Required work:
Look below for the line containing "(-5.4652, -19.9845, 6)". Output it and each remaining line of the entries exactly, and nothing else.
(Given records begins)
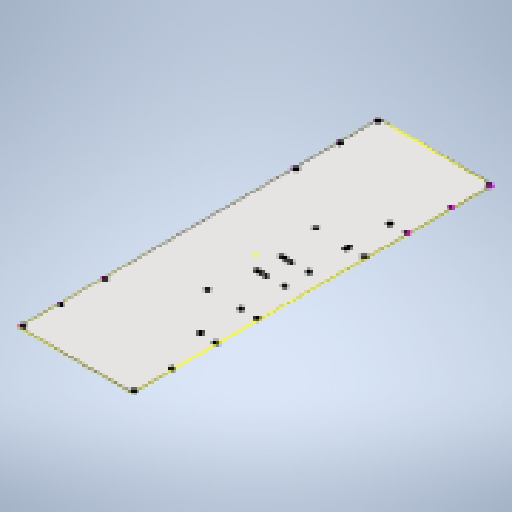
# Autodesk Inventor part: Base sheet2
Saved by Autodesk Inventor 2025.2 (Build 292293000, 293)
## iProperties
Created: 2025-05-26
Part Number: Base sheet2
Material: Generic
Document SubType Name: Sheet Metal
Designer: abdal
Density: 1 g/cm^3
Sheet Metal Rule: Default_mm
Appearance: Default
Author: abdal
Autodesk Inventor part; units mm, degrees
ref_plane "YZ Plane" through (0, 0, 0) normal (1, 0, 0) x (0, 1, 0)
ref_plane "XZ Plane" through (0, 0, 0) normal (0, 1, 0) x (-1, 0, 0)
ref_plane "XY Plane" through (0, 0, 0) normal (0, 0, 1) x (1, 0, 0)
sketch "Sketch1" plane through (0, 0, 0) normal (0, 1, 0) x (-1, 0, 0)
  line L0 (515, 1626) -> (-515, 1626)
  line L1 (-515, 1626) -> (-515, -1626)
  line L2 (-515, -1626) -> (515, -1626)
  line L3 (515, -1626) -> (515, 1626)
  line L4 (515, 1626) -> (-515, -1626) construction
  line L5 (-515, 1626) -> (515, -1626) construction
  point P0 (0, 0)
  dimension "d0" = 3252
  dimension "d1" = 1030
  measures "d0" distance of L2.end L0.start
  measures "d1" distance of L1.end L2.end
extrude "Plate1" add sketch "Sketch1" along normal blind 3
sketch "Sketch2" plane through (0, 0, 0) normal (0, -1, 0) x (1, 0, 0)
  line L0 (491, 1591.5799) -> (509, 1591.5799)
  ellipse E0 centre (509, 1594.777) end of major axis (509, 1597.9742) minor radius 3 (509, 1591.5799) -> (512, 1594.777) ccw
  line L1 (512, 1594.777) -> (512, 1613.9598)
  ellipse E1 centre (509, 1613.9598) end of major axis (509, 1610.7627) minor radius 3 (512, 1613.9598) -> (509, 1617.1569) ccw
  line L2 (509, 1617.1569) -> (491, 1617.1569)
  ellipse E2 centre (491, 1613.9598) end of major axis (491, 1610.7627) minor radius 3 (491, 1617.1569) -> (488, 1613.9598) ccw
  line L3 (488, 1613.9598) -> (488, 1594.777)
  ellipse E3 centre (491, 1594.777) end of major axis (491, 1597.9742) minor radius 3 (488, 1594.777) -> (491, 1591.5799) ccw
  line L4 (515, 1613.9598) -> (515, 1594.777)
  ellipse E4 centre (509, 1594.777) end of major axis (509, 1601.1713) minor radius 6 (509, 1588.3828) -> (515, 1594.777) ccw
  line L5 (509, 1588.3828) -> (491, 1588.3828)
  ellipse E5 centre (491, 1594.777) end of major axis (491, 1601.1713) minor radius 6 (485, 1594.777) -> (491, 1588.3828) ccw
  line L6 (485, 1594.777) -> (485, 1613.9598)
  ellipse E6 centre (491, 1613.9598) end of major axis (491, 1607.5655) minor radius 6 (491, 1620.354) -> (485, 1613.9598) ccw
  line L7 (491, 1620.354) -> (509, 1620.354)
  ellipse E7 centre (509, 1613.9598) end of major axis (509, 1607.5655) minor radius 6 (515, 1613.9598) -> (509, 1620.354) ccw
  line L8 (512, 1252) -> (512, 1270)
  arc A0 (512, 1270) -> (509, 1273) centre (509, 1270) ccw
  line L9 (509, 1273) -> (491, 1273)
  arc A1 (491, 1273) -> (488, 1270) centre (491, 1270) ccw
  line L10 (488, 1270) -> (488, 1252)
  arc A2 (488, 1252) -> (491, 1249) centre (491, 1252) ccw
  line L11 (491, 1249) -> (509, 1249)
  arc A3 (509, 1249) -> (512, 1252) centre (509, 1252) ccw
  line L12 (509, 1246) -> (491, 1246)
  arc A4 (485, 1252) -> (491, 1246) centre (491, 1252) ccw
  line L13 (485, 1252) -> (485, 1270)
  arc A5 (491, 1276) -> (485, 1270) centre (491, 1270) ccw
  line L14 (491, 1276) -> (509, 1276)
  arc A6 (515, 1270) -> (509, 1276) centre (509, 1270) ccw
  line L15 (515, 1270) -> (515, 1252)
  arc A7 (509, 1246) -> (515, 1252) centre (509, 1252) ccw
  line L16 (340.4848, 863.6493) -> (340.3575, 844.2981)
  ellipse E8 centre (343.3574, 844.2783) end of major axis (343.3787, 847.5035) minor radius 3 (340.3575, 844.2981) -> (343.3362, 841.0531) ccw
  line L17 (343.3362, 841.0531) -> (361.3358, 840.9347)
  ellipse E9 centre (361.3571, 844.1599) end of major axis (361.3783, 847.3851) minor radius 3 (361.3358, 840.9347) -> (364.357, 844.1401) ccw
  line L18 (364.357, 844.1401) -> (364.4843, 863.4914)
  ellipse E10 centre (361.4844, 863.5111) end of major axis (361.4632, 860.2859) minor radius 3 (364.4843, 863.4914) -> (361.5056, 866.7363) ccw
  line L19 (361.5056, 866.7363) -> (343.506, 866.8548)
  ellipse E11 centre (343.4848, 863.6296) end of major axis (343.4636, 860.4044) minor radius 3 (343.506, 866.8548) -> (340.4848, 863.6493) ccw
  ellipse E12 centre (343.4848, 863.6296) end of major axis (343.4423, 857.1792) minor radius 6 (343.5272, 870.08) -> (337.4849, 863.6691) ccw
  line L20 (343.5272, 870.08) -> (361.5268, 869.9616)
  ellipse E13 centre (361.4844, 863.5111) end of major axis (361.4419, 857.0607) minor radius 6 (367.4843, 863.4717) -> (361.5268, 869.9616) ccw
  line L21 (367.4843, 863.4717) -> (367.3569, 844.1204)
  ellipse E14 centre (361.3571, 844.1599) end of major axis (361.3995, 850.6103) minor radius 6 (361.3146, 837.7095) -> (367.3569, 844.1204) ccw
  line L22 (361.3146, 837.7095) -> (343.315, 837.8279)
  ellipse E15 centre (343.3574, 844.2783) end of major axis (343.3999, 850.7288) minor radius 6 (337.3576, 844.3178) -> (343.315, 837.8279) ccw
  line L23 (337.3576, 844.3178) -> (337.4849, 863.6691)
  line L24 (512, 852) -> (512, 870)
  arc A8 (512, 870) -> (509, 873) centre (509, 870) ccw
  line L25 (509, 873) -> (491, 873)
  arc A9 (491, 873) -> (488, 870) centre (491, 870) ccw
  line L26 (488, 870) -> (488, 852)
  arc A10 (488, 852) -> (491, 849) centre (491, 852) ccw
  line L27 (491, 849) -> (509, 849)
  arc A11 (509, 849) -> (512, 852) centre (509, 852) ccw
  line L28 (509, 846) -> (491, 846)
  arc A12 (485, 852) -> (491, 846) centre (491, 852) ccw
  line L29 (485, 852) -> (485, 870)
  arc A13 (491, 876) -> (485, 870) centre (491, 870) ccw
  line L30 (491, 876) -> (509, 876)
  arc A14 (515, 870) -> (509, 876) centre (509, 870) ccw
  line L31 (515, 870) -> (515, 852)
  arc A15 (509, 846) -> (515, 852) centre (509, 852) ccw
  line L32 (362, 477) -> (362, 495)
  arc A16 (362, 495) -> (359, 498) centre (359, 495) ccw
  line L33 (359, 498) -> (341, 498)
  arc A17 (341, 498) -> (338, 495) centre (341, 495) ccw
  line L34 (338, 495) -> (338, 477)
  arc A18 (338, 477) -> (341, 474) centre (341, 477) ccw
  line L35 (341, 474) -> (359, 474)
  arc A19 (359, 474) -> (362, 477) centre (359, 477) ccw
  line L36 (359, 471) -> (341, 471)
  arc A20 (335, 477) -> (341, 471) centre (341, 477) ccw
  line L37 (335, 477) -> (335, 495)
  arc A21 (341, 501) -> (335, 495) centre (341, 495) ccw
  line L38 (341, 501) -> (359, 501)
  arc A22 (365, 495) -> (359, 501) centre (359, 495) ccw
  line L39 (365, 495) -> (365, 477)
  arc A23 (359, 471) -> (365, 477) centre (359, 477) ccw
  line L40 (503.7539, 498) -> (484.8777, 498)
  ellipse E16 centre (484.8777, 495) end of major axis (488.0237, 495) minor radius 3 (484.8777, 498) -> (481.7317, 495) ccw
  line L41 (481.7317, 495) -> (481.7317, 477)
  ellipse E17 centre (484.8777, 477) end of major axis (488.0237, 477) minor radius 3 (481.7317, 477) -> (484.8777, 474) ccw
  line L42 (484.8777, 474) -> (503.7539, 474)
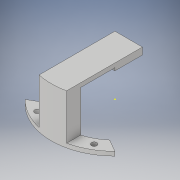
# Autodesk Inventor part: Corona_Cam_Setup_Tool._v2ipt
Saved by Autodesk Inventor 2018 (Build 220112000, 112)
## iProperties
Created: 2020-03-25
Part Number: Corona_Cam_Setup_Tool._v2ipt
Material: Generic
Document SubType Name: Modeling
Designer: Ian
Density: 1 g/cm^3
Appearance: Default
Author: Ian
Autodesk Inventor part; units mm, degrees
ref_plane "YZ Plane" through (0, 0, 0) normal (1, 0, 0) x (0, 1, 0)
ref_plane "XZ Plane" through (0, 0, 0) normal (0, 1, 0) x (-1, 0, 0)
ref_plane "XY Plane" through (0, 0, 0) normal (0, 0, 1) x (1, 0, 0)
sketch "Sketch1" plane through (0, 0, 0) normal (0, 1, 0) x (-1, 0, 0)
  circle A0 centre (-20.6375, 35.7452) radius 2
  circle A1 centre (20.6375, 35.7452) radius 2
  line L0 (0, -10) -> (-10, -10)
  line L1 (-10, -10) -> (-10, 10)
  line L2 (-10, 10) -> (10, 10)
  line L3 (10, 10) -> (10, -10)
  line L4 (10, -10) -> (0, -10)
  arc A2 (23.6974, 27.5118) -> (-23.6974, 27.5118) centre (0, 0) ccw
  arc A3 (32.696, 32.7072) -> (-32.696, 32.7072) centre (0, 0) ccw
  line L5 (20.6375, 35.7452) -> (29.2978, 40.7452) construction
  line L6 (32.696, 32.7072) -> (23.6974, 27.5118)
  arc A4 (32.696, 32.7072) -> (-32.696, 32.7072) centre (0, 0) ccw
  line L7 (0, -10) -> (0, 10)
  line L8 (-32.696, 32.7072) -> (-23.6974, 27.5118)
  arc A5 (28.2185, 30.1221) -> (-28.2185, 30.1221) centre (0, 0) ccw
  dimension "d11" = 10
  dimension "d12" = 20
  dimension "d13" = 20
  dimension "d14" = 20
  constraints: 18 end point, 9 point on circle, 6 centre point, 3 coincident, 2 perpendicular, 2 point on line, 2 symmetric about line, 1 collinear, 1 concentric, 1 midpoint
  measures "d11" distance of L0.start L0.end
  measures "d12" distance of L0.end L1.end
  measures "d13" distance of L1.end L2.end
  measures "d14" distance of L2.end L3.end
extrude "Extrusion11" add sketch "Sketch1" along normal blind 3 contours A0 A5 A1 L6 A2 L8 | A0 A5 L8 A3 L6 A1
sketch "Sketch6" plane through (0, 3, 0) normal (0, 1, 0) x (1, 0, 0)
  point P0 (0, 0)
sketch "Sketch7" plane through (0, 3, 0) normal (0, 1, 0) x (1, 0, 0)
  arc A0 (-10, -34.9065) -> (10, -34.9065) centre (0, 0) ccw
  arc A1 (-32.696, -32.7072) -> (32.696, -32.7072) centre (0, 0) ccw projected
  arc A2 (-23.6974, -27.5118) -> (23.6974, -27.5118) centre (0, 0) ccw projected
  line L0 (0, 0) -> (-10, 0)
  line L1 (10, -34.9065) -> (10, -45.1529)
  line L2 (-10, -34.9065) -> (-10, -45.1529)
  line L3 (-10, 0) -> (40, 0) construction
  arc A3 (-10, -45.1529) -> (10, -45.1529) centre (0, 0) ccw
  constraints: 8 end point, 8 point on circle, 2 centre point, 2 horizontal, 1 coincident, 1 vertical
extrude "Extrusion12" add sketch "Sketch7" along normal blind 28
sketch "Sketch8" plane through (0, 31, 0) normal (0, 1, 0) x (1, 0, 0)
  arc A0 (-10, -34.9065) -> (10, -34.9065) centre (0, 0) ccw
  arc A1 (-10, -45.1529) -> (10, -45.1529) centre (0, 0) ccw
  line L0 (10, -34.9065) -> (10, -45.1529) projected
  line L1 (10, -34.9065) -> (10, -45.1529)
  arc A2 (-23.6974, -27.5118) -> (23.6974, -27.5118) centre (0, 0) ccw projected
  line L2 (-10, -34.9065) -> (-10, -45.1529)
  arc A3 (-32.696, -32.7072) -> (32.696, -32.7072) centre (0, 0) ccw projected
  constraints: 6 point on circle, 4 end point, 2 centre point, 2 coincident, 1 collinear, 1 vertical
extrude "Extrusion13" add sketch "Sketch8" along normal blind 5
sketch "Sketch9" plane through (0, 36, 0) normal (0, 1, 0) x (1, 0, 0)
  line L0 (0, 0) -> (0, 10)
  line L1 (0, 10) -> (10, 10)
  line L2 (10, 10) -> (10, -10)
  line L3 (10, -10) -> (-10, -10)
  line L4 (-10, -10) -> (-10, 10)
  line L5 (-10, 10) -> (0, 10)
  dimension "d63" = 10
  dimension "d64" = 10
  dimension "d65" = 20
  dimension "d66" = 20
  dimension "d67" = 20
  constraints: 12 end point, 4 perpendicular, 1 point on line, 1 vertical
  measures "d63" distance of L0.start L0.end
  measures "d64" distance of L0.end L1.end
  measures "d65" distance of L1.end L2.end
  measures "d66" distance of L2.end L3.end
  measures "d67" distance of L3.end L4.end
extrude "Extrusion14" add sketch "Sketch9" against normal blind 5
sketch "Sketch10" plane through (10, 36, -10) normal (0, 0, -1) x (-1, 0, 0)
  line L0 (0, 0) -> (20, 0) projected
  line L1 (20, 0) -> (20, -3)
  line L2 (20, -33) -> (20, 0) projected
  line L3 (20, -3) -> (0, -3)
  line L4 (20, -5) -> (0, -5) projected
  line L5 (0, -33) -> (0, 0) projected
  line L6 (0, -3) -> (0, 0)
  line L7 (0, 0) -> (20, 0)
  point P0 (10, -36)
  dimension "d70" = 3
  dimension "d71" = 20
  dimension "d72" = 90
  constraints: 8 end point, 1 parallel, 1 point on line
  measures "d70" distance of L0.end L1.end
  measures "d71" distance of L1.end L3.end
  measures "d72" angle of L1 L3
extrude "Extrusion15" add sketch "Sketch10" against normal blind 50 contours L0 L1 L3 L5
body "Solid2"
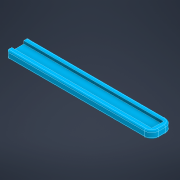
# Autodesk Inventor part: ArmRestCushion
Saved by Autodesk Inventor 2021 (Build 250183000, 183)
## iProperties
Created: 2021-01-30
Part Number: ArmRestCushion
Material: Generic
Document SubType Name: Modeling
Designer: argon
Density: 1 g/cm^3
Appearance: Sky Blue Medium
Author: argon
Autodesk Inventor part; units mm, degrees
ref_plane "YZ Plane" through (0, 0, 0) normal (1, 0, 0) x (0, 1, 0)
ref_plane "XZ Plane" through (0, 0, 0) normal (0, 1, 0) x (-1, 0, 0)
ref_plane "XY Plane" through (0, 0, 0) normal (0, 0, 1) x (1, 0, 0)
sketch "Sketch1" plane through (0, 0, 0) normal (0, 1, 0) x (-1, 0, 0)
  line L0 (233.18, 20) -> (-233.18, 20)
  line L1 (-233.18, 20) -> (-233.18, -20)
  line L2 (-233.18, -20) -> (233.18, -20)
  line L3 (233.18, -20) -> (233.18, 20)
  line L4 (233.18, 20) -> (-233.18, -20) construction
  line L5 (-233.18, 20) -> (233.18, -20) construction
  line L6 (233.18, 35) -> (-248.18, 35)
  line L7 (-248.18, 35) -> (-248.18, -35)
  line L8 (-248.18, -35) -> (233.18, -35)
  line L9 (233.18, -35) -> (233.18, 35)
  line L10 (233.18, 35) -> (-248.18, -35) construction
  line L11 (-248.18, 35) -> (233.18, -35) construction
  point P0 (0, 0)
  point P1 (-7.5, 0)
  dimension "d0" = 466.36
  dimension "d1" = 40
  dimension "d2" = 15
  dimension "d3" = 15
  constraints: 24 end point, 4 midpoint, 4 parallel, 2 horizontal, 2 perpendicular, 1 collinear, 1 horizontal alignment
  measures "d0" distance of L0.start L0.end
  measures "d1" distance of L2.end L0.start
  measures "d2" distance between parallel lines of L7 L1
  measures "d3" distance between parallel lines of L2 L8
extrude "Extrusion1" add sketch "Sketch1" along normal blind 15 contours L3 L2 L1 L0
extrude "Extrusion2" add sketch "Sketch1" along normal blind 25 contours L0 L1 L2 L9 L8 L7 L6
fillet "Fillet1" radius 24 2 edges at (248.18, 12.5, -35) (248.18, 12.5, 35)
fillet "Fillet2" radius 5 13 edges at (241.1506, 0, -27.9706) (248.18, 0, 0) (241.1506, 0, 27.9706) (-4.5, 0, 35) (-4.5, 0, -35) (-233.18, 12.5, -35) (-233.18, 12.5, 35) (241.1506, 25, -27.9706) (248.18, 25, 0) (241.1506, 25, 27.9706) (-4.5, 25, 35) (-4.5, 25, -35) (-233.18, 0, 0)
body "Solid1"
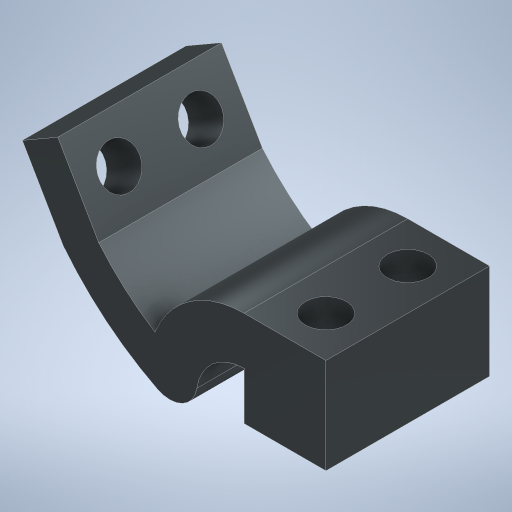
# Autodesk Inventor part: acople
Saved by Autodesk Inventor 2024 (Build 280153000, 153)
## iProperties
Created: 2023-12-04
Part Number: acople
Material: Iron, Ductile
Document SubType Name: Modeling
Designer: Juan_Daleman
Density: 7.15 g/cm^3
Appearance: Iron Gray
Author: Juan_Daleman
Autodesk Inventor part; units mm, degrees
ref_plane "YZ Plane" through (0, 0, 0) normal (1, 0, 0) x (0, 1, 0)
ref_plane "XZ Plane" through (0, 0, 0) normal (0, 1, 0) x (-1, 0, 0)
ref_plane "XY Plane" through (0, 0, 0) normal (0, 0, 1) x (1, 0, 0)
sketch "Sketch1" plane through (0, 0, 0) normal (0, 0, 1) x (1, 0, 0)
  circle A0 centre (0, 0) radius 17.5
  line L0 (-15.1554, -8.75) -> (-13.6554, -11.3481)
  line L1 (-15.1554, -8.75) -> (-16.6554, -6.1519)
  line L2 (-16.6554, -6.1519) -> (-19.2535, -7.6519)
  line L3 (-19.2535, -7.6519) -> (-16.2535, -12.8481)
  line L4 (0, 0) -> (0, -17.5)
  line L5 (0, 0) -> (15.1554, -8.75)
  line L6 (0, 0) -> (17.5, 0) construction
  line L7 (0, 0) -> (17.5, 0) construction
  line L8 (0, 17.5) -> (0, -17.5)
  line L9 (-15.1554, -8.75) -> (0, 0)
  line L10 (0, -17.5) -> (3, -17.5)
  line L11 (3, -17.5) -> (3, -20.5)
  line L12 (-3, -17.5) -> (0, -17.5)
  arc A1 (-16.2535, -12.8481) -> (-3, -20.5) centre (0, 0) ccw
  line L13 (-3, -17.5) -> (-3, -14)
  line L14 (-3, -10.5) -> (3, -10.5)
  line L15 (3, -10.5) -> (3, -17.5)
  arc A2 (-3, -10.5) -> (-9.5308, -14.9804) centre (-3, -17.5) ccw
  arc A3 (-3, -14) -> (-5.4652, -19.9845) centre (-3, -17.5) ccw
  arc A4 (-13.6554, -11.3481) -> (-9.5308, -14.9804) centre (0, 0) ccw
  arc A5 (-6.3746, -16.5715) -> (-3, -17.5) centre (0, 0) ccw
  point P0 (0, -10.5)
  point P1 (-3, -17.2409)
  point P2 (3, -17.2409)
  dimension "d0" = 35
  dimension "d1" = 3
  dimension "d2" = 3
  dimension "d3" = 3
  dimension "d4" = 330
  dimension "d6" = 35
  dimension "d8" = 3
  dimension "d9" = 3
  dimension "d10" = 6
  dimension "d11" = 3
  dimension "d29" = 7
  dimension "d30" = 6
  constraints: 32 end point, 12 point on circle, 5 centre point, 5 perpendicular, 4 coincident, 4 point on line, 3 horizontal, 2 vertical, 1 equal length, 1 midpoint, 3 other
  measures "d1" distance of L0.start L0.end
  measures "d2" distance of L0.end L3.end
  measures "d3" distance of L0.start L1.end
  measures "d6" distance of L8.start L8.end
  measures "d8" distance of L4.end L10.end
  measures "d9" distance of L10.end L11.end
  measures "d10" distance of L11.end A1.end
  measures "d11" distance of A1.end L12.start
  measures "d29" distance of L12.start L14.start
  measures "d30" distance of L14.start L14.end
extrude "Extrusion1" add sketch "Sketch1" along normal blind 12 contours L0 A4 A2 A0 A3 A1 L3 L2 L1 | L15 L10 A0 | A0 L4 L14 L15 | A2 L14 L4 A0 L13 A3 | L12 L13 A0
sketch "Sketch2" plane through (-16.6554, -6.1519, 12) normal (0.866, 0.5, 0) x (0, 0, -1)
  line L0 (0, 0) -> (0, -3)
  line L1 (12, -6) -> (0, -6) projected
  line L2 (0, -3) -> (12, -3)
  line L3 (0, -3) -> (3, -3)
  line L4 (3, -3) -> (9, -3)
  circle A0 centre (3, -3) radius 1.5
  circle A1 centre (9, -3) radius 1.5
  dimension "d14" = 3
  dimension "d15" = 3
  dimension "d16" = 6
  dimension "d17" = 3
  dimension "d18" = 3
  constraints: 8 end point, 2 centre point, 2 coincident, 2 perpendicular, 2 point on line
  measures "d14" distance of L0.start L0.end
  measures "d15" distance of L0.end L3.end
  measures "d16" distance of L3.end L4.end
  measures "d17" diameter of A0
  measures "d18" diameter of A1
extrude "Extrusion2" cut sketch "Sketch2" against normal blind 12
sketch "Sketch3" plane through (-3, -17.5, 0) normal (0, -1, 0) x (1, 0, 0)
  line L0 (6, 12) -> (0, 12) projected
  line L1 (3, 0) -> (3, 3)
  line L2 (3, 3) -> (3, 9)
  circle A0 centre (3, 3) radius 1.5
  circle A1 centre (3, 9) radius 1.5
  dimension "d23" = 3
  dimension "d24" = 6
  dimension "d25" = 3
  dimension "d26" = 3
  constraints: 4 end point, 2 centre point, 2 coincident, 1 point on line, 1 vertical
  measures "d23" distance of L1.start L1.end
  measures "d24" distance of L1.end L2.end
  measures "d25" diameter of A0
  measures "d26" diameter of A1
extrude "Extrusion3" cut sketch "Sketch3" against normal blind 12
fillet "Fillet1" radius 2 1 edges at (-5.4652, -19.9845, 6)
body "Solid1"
(Given records ends)
Exercise answer:
fillet "Fillet1" radius 2 1 edges at (-5.4652, -19.9845, 6)
body "Solid1"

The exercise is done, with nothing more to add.